Looks great and thanks for the info.  Did you bury your panels?


----------



## Hideaway Pines (Apr 8, 2022)

jjack010 said:


> Looks great and thanks for the info.  Did you bury your panels?


no, the panels are just at the top of the ground or slightly under depending on the variation in the area, but to be fair, we have lots large tree of roots in our area even though we are sugar sand, the roots are a deterrent to them getting out. But we will see how the horse fencing does, we may have to lay large logs in any areas we are concerned with.


----------



## jjack010 (Apr 8, 2022)

Hideaway Pines said:


> no, the panels are just at the top of the ground or slightly under depending on the variation in the area, but to be fair, we have lots large tree of roots in our area even though we are sugar sand, the roots are a deterrent to them getting out. But we will see how the horse fencing does, we may have to lay large logs in any areas we are concerned with.


Thanks for the info


----------



## jjack010 (Apr 8, 2022)

So I'm leaning towards woven wire exterior fencing and using electric to section off pastures.  I like the design towards the bottom of this article.  



			https://cefs.ncsu.edu/wp-content/uploads/designing-pasture-subdivisions-for-practical-management-of-hogs-2015.pdf?x47549
		


What are you all using for gates for multiple paddocks?  That seems to be where I'm hung up.  I understand if I use electric they won't want to cross it later so I'm confused as to what to use here.


----------



## Tjcib (May 24, 2022)

What breed of pigs are you getting?

Our American Guinea Hogs are perfectly content to stay within our Premier1 Electric netting.

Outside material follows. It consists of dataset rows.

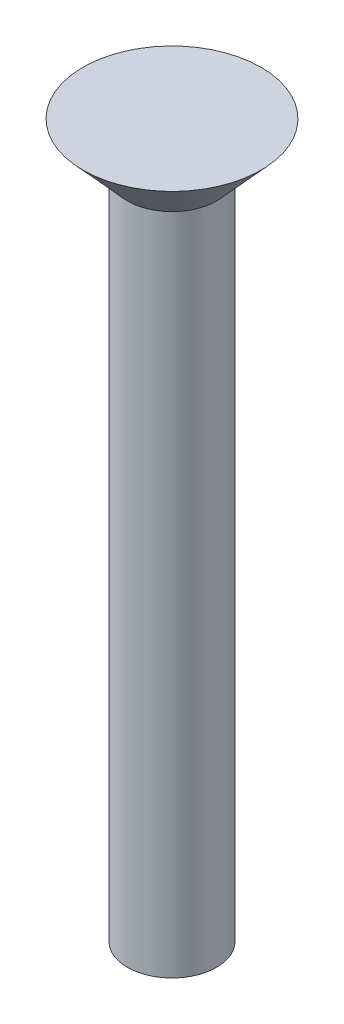
SolidWorks part; units mm, degrees
ref_plane "Plan de face" through (0, 0, 0) normal (0, 0, 1) x (1, 0, 0)
ref_plane "Plan de dessus" through (0, 0, 0) normal (0, 1, 0) x (1, 0, 0)
ref_plane "Plan de droite" through (0, 0, 0) normal (1, 0, 0) x (0, 0, -1)
sketch "Esquisse1" plane through (0, 0, 0) normal (0, 0, 1) x (1, 0, 0)
  line L0 (0, -35.1456) -> (5, -35.1456)
  line L1 (5, -35.1456) -> (5, 39.3544)
  line L2 (5, 39.3544) -> (10, 44.8544)
  line L3 (10, 44.8544) -> (0, 44.8544)
  line L4 (0, 44.8544) -> (0, -35.1456)
  dimension "D1" = 80
  dimension "D2" = 5
  dimension "D3" = 10
  dimension "D4" = 5.5
revolve "Révolution1" add sketch "Esquisse1" angle 360 about L4
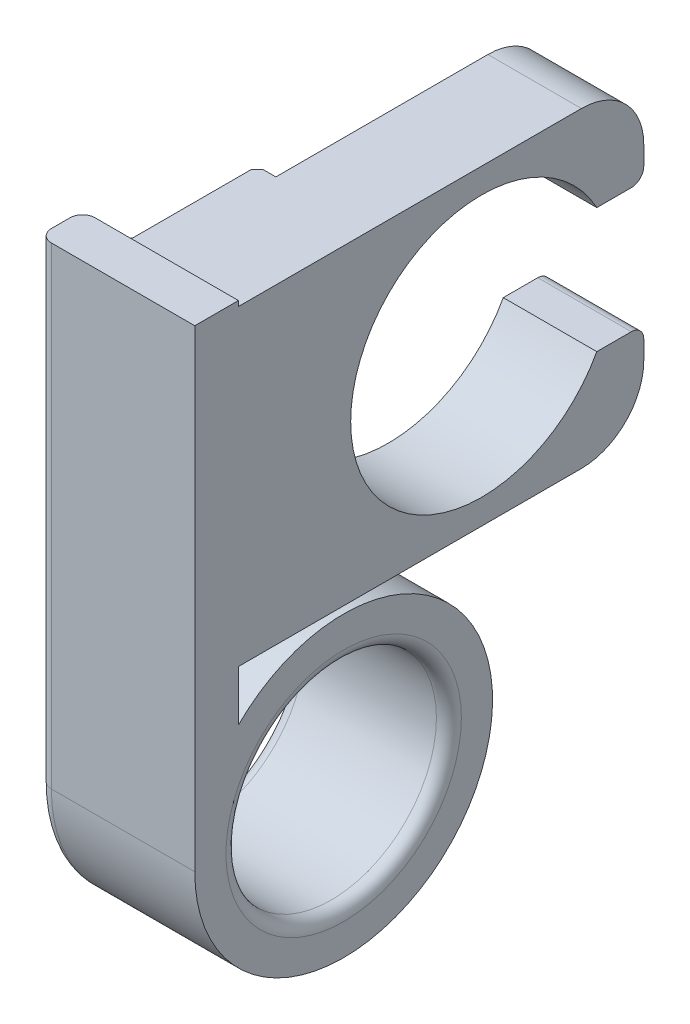
SolidWorks part; units mm, degrees
ref_plane "Front Plane" through (0, 0, 0) normal (0, 0, 1) x (1, 0, 0)
ref_plane "Top Plane" through (0, 0, 0) normal (0, 1, 0) x (1, 0, 0)
ref_plane "Right Plane" through (0, 0, 0) normal (1, 0, 0) x (0, 0, -1)
sketch "Sketch1" plane through (0, 0, 0) normal (1, 0, 0) x (0, 0, -1)
  circle A0 centre (0, 0) radius 16.875
  circle A1 centre (0, 0) radius 23.875
  dimension "D1" = 33.75
  dimension "D2" = 7
extrude "Boss-Extrude1" add sketch "Sketch1" along normal blind 25 contours A1 | A0
sketch "Sketch2" plane through (0, 0, 0) normal (0, 1, 0) x (1, 0, 0)
  line L0 (25, -23.875) -> (25, 23.875) construction
  line L1 (0, -23.875) -> (25, -23.875)
  line L2 (0, -23.875) -> (0, -16.875)
  line L3 (0, -16.875) -> (25, -16.875)
  line L4 (25, -23.875) -> (25, -16.875)
  line L5 (25, -16.875) -> (25, 16.875) construction
extrude "Boss-Extrude2" add sketch "Sketch2" along normal blind 75.83
sketch "Sketch4" plane through (25, 0, 0) normal (-1, 0, 0) x (0, 0, 1)
  line L0 (-22.125, 50) -> (23.875, 50) construction
  line L1 (23.875, 75.83) -> (23.875, 0) construction
  line L2 (-22.125, 29) -> (-22.125, 71)
  line L3 (-22.125, 25) -> (-22.125, 75)
  line L4 (-22.125, 75) -> (23.875, 75)
  line L5 (23.875, 75) -> (23.875, 25)
  line L6 (23.875, 25) -> (-22.125, 25)
  line L7 (-22.125, 75) -> (-48.125, 75)
  line L8 (-48.125, 75) -> (-48.125, 25)
  line L9 (-48.125, 25) -> (-22.125, 25)
  line L10 (-48.125, 60) -> (-40.5912, 60)
  line L11 (-48.125, 40) -> (-40.5912, 40)
  circle A0 centre (-22.125, 50) radius 11
  circle A1 centre (-22.125, 50) radius 21
  arc A2 (16.875, 16.8893) -> (23.875, 0) centre (0, 0) ccw construction
  point P13 (-22.125, 50)
  line M22 (16.875, 16.8893) -> (16.875, 75.83)
  dimension "D1" = 22
  dimension "D2" = 42
  dimension "D3" = 50
  dimension "D4" = 46
  dimension "D5" = 50
  dimension "D6" = 26
  dimension "D7" = 20
extrude "Boss-Extrude3" add sketch "Sketch4" along normal blind 15 contours A1 L3 L4 M22 | L3 A1 L6 M22 | L3 A1 L10 L8 L7 | L11 A1 L3 L9 L8
fillet "Fillet1" radius 10 2 edges at (17.5, 25, -48.125) (17.5, 75, -48.125)
fillet "Fillet2" radius 2 5 edges at (25, 0, -16.875) (0, 37.915, 23.875) (0, 46.3597, 16.875) (0, -9.1413, -22.0557) (0, 0, -16.875)
fillet "Fillet3" radius 2 2 edges at (17.5, 40, -48.125) (17.5, 60, -48.125)
sketch "Sketch5" plane through (10, 0, 0) normal (-1, 0, 0) x (0, 0, 1)
  line L0 (16.875, 25) -> (-38.125, 25) construction
  line L1 (16.875, 25) -> (-4.125, 25)
  line L2 (16.875, 25) -> (16.875, 75)
  line L3 (16.875, 75) -> (-4.125, 75)
  line L4 (-4.125, 25) -> (-4.125, 75)
  line L5 (-38.125, 75) -> (16.875, 75) construction
  line L6 (16.875, 25) -> (16.875, 75) construction
  arc A0 (-40.5912, 40) -> (-40.5912, 60) centre (-22.125, 50) ccw construction
  dimension "D1" = 18
extrude "Boss-Extrude4" add sketch "Sketch5" along normal blind 3
chamfer "Chamfer1" distance 1 angle 45 2 edges at (7, 50, 16.875) (7, 50, -4.125)

They are super smart so they will find a breach in the net, but if everything is secure and I don't have too much discharge from weeds, it keeps them in.

Obviously, a bigger breed will probably need more. But that's why I love AGHs...


----------



## jjack010 (May 24, 2022)

Hideaway Pines said:


> This is our first year with pigs as well. we picked them up a few weeks ago. They are in a smaller pen made of hog panels and T posts, then when we finished their pasture area (about 2.5 acres in all) which is made of stretched horse fencing with barbed wire up top with T posts with concreted corner wooden posts they will have three paddocks that they can be rotated through so we can start to grow some grass in each of them. We have not had any issues with them escaping but they sure gave it a good hard try for the first few weeks. Now they are happy to just enjoy their area. But the bigger they get the stronger they get, they could push over fencing that is not super strong. We took advice from @Baymule  for some of our design, we have not got the nipple watering system in yet, but I put their water in an old tire, now they cannot dump it, so for now that works well. We made them a house (we call it Hog Heaven) and when they were small we locked them up at night, but we are not doing that now. We live in deep woods with lots of predator's, so just wanted to be sure they would be safe. We also built this with other animals in mind, incase we wanted to get something else in the future - it could be use for other critters. We added guttering to the roof and directed it to the wallow we made out of clay, so they have a cool place when it gets hot, something we have to think about here in Texas. We also learned that pigs love wet food, and fermented food goes further and is better for their digestive system, so we feed them twice a day with a fermented wet mash... I know you are not there full time, so this will not work for you this time, but it might be something to consider in the future, it makes the food go twice as far, so costs less.


Thanks for sharing.  What size gates are you using?  Yeah, the fermenting won't work for my situation since I'm not on the farm daily.


----------



## Hideaway Pines (May 24, 2022)

We just finished the last of the three paddocks that our pigs will have access to. We will rotate them as needed to each one. We used woven wire and our pigs have not had any issues with getting out. My husband did do concreted wooden poles every third pole with T-posts for the rest, and this along with stretching the wire fence has kept them in no problem. We have the regular gates you get from farm stores, some are walk gate size others are the larger ones. Then we also have decided to use Hog panels for some areas where we will move the panel to close up one paddock and allow them access to another. Gates are so expensive we opted for this in several places. It is not as convenient, but for our set up it will work just fine. If we see we need a gate there instead, we can always add it. we cannot do electric since we are on sugar sand, not enough moisture to keep it hot, and trying to get water to the areas each day would be counter productive for us, so we went with permanent fencing.


----------



## jjack010 (May 24, 2022)

Ah, removable hog panels..........  great idea.  Thanks again for the info.


----------



## Hideaway Pines (May 24, 2022)

jjack010 said:


> Thanks for sharing.  What size gates are you using?  Yeah, the fermenting won't work for my situation since I'm not on the farm daily.


some gates are 6ft, some are 3 ft and we did put two 3 ft in one section to allow us to then back our stock trailer in, giving us the ability to attach each gate to the trailer to keep the pigs from escaping then we plan to feed them every day for a week or more in the trailer to get them comfortable with it... so we can load them easy when the time comes to take them to slaughter. They love hard boiled eggs, and will just about do anything for them, so this will be the way we get them to go in at first. at least that is our plan... stay tuned we will see how this plays out. also we added turkeys to our pig area now too. They pick through the pig poop eating anything the pigs did not digest, and all bugs as well, they forage like nobody's business and are super chill with them. It has been a great addition. Our hen is actually now laying eggs we will see if she will hatch them.


----------